Shackle flip and you may not even need to shim it, just shorter blocks. Or, if you can weld, move the perches. When I did mine I cut off the old perches bolted everything together loosely, rotated the axle to correct and tacked in. Pulled it all back out and laid in a good bead.
No issues with the axle tubes coming out of shape from welding?
 
Yeah, on a K5 with a lift in that range a shackle flip usually gets the pinion angle pretty close for a CV. Plus you can get rid of those terrible blocks and if you need a shim you don't have to combine shim and block.

If the height isn't exactly right after the shackle flip, you can always do a "zero-rate" or "add-an-inch" type of thing and if needed you can get those with a taper.
Definitely good to know and I'd love to a shackle flip but it's out of budget at the moment
 
Definitely good to know and I'd love to a shackle flip but it's out of budget at the moment
Shackle flip is a budget fix, some guys pulling it off for close to 0$. Why take it apart and maybe scrap the U-bolts to do things halfway? If you just want the cheapest hack to improve things slightly for short-term, put that in the initial post so nobody wastes time thinking it through for you.

Welding to the axle tubes isn't a big problem. Generally you want to drain the oil first, grind and pre-treat before welding, but if new oil, a gasket, some cut-off wheels and some weld wire is out of your budget, maybe park the thing for a while while you save.
 
One option is to put all 4 corners up on jack stands and then put the rig in 4x4. Have someone put in in gear and get all the wheels spinning. You might be able to see whats shaking by looking under the truck. Then try 2x4 mode and see if the problem goes away.
 
One option is to put all 4 corners up on jack stands and then put the rig in 4x4. Have someone put in in gear and get all the wheels spinning. You might be able to see whats shaking by looking under the truck. Then try 2x4 mode and see if the problem goes away.
And make sure you have someone recording this. :popcorn::popcorn::popcorn:
 
And make sure you have someone recording this. :popcorn::popcorn::popcorn:
You want to put the front bumper up against a building or something, and stay away from the tires/drive shafts. Also, if your doing this on a newer vehicle, make sure the driver window is down, since some cars auto-lock the doors when the vehicle get up to a certain speed. Switching between 2 and 4 wheel drive will isolate where the vibration is coming from. Plus you can sometimes see parts wobbling under the rig.
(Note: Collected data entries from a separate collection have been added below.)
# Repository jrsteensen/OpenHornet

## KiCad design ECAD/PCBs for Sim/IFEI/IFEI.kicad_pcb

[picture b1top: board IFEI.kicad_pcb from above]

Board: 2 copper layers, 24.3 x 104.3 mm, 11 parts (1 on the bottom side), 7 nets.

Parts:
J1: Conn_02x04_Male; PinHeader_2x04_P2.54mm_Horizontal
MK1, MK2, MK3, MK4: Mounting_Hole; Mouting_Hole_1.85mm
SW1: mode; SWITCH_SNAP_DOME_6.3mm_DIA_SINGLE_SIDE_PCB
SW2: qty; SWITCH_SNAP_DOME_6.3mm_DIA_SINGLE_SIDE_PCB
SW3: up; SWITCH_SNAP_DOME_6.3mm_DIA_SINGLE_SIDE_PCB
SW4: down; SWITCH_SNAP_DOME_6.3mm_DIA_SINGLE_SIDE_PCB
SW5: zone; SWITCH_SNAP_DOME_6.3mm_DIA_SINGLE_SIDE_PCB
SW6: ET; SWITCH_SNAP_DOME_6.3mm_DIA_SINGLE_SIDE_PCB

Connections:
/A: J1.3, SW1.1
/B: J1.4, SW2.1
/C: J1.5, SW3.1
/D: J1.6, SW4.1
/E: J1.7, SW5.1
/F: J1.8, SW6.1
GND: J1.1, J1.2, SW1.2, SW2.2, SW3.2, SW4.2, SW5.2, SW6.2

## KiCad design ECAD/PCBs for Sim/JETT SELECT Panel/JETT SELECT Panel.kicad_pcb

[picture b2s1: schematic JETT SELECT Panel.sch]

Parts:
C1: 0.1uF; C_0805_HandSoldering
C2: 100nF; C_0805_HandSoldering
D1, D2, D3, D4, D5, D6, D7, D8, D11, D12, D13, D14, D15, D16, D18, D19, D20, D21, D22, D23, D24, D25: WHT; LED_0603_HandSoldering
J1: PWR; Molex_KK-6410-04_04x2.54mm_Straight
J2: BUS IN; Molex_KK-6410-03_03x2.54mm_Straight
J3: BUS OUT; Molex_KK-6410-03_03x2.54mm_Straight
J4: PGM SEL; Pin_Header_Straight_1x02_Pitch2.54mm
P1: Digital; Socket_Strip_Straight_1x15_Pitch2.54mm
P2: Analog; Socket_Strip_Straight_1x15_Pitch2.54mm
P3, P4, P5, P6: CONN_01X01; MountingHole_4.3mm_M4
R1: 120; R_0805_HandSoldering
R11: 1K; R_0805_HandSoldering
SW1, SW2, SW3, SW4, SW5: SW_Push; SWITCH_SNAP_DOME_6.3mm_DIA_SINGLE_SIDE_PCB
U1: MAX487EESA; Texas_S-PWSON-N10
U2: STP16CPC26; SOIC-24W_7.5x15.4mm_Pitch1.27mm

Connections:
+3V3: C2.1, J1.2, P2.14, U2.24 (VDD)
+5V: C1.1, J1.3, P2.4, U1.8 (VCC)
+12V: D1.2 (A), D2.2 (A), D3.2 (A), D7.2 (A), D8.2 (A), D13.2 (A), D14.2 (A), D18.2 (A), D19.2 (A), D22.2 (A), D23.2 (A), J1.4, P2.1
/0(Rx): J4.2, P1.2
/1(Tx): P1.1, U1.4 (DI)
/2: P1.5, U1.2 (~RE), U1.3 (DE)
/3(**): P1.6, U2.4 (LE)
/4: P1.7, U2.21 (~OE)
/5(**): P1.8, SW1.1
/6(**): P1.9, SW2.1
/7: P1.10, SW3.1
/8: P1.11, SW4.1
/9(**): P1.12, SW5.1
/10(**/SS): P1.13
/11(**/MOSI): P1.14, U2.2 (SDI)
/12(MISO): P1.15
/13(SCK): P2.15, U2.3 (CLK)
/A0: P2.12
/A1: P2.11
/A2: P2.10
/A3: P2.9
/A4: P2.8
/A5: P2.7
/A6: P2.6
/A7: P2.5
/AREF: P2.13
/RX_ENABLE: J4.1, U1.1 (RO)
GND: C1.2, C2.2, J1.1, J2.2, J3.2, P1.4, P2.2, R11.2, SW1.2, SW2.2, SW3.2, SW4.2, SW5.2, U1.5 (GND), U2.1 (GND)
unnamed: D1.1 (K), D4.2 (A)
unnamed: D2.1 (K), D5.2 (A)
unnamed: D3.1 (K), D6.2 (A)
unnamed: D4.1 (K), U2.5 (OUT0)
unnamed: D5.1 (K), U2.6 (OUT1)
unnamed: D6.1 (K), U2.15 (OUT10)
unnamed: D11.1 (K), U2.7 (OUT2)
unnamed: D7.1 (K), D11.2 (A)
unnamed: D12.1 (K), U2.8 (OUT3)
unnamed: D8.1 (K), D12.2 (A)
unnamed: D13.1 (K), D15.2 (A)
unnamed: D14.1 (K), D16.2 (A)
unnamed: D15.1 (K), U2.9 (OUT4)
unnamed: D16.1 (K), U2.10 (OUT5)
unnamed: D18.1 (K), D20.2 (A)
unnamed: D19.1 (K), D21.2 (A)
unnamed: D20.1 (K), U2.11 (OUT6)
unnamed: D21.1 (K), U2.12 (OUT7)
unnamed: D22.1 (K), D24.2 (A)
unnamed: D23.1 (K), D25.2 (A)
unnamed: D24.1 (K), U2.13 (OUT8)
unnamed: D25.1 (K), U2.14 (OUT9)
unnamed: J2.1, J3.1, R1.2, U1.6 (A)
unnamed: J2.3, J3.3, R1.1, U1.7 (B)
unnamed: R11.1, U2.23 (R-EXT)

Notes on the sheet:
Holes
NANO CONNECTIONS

If the vibration does not go away when shifting to neutral, then its probably not related to the engine/transmission.
 
while this method running on jack stands will show issue in some circumstance, it wont help for this as the rear axle will not twist the springs if unloaded
 
One option is to put all 4 corners up on jack stands and then put the rig in 4x4. Have someone put in in gear and get all the wheels spinning. You might be able to see whats shaking by looking under the truck. Then try 2x4 mode and see if the problem goes away.
I've thought about doing this and while I appreciate the idea, I don't like to live that dangerously lol
 
I've thought about doing this and while I appreciate the idea, I don't like to live that dangerously lol
I have don't it before. I used it to track down a noise that turned out to be hub bearing. I mean if you want to make it super safe, you could put jack stands under all 4 corners and then remove all the wheels. With no wheels, its not as dangerous.
 
Pinion angle was definitely the issue

I installed some 5 degree steel shims and the issue is just about gone. The angle is still a little low and I don't see them as a permanent fix so a shackle flip is definitely in the future. Very excited I can kind of enjoy the truck finally!